Radiochemical Analysis at Hanford, the Past 30 years
Matt Lardy
STL-Richland
Richland, Washington
Over the past 30 years or
more, interesting and challenging changes have occurred in the handling,
processing and analysis of environmental and bioassay samples for
radionuclides. In some ways the nature
of the radiochemical laboratory has changed little and in other ways there has
been significant change. In the early
1960’s, at Richland the short-lived radionuclides Si-31, Mn-56, Zn-69m, Ga-72
and As-76 once included with the analytical protocol for Hanford water samples
are no longer required because their sources, the single pass reactors at
Hanford, have long since been closed.
Later, in the 1970s, soil sample analyses for Sr-90, U-234, U-235 and
U-238, Pu-238, Pu-239/240 and Am-241 were added. The addition of soil analyses necessitated development and testing
of a soil preparation procedure using large (50-100 gram) sample sizes. New analytical techniques such as extraction
chromatographic resins have been developed that provide improved selectivity,
produce less waste and have faster separation times. One example is use of the extraction disk for Tc-99
analysis. Previously the classical ion
exchange procedure required two or more days to complete the chemical
separation, but with the extraction disk the separation can be performed in one
day. Change is evident in other areas
of the analytical process; because of its greater resolution capability and
increased size, the germanium detector has replaced sodium iodide as the
preferred detector for gamma spectroscopy.
Autoradiography was used for plutonium analysis and was capable of
achieving a Minimum Detectable Activity of approximately 0.05 dpm. However it was not possible to resolve the
energies of the various plutonium isotopes.
Consequently it was also impossible to use a tracer to measure chemical
recovery. Alpha spectroscopy, using the
silicon diode, resolved that problem.
Government regulations and
national consensus standards have also caused significant changes in
radiochemical analytical laboratories.
Government regulations began with the initiation of certification of
laboratories analyzing drinking water under the Safe Drinking Water Act and the
publication of the U. S. Nuclear Regulatory Guide 4.15, Quality Assurance for
Radiological Monitoring Programs. The
two most recent government directives are NELAC and Integrated Contractor
Procurement Team (ICPT) programs initiated by the Environmental Protection
Agency and the Department of Energy respectively. In addition, required national consensus standards are HPS
N13.30, Performance Criteria for Radiobioassay and ANSI N 42.23, American
National Standard Measurement and Associated Instrumentation Quality Assurance
for Radioassay Laboratories.
Added to the complexity are market forces that influence a commercial laboratory. These forces include items such as competition, pricing, and laboratory mergers and acquisitions. The Laboratory in Richland where I am currently employed has undergone a fourth ownership change, while the number of laboratories performing radiochemical analyses in the United States continues to decrease.

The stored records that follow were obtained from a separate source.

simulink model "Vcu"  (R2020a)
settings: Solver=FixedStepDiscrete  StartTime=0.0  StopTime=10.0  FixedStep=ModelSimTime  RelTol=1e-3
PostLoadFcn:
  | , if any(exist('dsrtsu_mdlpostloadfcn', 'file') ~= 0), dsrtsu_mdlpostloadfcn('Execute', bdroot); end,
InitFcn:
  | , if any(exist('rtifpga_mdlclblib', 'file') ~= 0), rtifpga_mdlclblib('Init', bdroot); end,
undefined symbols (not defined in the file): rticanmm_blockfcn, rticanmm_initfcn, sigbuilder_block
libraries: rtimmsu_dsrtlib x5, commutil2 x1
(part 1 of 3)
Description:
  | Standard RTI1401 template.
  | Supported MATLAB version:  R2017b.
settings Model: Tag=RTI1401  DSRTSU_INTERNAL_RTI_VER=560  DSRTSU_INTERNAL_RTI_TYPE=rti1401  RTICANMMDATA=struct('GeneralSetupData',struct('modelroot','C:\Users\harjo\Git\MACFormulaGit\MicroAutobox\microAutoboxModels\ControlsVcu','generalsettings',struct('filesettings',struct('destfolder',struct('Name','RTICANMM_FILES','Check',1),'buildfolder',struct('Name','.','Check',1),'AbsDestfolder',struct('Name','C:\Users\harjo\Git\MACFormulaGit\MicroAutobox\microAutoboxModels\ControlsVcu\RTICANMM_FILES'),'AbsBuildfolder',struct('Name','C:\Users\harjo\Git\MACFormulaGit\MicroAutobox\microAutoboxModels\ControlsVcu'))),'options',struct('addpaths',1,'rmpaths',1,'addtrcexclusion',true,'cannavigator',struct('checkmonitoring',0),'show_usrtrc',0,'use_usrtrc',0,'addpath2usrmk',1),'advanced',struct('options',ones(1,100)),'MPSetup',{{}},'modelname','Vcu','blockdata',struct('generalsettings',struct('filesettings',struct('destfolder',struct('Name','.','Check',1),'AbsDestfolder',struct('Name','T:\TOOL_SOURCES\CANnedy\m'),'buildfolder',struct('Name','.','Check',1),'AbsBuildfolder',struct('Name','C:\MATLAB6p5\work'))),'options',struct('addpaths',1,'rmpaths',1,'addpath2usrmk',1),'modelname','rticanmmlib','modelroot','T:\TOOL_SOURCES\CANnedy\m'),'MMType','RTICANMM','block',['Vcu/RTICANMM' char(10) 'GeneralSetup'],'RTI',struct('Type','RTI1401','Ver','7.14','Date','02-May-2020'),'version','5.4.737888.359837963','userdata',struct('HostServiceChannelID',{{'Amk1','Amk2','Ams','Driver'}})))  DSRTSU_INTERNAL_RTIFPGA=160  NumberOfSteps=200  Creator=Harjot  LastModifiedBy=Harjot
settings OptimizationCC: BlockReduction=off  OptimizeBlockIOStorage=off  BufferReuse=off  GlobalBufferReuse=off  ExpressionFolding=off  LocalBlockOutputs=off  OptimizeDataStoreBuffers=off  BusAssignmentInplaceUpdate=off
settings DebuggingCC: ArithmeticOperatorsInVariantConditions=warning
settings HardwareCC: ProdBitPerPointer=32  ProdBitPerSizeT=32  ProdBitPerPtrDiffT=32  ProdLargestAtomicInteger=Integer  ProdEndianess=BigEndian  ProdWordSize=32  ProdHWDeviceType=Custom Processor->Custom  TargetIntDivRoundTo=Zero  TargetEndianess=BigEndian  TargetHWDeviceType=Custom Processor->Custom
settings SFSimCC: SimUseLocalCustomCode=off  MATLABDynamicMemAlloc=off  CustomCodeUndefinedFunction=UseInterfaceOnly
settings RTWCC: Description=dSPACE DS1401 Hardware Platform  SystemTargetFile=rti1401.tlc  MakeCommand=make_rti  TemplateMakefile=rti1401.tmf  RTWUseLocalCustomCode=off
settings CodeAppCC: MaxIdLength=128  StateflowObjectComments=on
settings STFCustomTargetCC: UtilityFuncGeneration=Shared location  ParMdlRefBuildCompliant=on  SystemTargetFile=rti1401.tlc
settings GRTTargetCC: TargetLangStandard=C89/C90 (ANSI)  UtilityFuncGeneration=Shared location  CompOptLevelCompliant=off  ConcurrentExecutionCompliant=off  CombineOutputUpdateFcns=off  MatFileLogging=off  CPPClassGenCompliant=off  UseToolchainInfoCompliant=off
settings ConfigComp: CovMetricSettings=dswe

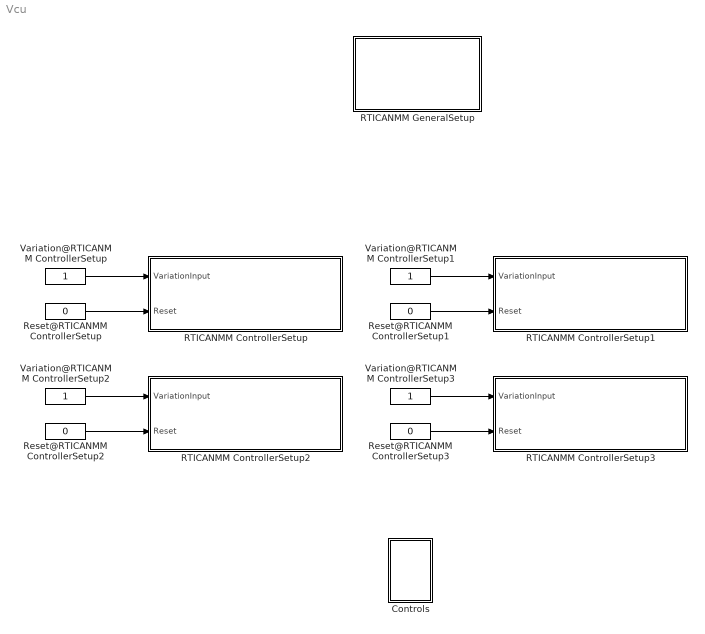
== system Vcu ==
  "Controls " : Subsystem
  RTICANMM ControllerSetup : Subsystem  InitFcn=rticanmm_blockfcn('InitFcn', 'CANnedySetup', gcb)  ClipboardFcn=rticanmm_blockfcn('ClipboardFcn', 'CANnedySetup', gcb)  mask(RTICANMM){DSProperties=struct('RTI',struct('Version',uint32(1),'BlockType',struct('isSLSource',uint8(1),'isSLSink',uint8(1),'isHWSource',uint8(0),'isHWSink',uint8(0),'isSetup',uint8(0),'isInline',uint8(1),'isNonInline',uint8(0),'isInterrupt',uint8(0),'isChannelwise',uint8(0)),'IOBoardType','RTICANMM','UnitType','RTICANMM','Identifier','BUSSETUP','DialogType','SL','BlockSet','RTICANMM','SlaveProcessor','CAN')), CANMMProperties=struct('cannedy',struct('data',struct('options',struct('controllername','Amk1','controllernameautomatic',[],'loglevel','0','checkrealtime',0,'checkchangebaudrate',0,'sampletime','1.000','CANControllerStatus',0,'NumberofStuffErr',0,'NumberofFormErr',0,'NumberofAckErr',0,'NumberofBit0Err',0,'NumberofsuccrecRX',0,'Numberofsuccsent',0,'NumberofBit1Err',0,'NumberofCRCErr',0,'NumberoflostRX',0,'Busoff',0,'Busload',0,'OperationPending',0,'TxRetryCount',3,'addtrcexclusion',true,'cannavigator',struct('checkmonitoring',0,'checkinternmonitoring',0),'show_usrtrc',0,'use_usrtrc',0,'checkchangebaudrateFD',0,'errorframegeneration',0,'efgenabled',0),'modelroot','C:\Users\harjo\Git\MACFormulaGit\MicroAutobox','generalsettings',struct('setupdata',struct('board',['CAN Type 1'],'boardno',1,'channelno',1,'Type','STD','transceiver','ISO11898-2','busconfig','0x0','feedthrough','false','resistance',struct('r120',0,'roff',1,'r16',1,'r10',0),'baudrate','500','Frequency',[24 36],'samplemode',1,'commChannelTJA1041',6,'config',struct('standard',1,'advanced',0,'register',struct('btr0','0xC0','btr1','0x6F','sp','70','sjw','3','tseg1','15','tseg2','6','brp','0','smpl','0','btr0_36','0x41','btr1_36','0x1E','sp_36','88','sjw_36','1','tseg1_36','14','tseg2_36','1','brp_36','1','smpl_36','0','btr0_64','0x43','btr1_64','0x1C','sp_64','87','sjw_64','1','tseg1_64','12','tseg2_64','1','brp_64','3','smpl_64','0')),'channelcfg',struct('INTENDISABLE','CAN_INT_DISABLE','intenable',0),'SETUPID','RTICANMM_Amk1_ID','CONTROLLER_ID','CANMM_CTL_SETUP_Amk1','mainblock_includefile','RTICANMM_SETUP_Amk1','canfdenable',0,'canfdboardselected',0,'slotno',1,'moduletype','DS4342','baudrateFD','4000','samplePoint','80','samplePointFD','80','termination','TERMINATION_OFF'),'filesettings',struct('destfolder',struct('Name','RTICANMM_FILES','Check',1),'buildfolder',struct('Name','.','Check',1))),'advanced',struct('options',ones(1,100)),'partialnetdata',struct('switchedon',0,'format','STD','idmask',['XXXXX XXXXXXXX XXXXXXXX XXXXXXXX'],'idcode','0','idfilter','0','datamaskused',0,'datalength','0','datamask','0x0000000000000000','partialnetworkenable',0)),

All in all, the effect of change has contributed to progress: the analytical laboratory provides a better product and improved service.
This presentation will more fully describe the items discussed above as I remember them, include more examples, compare past changes to the current practice and thoughts about the future. The remarks are based on my experience in a commercial radiochemical analysis laboratory. However, other laboratories have experienced similar significant changes.
The assistance of Mike Buvinghausen, ThermoRetec, for providing technical and supporting information, is acknowledged.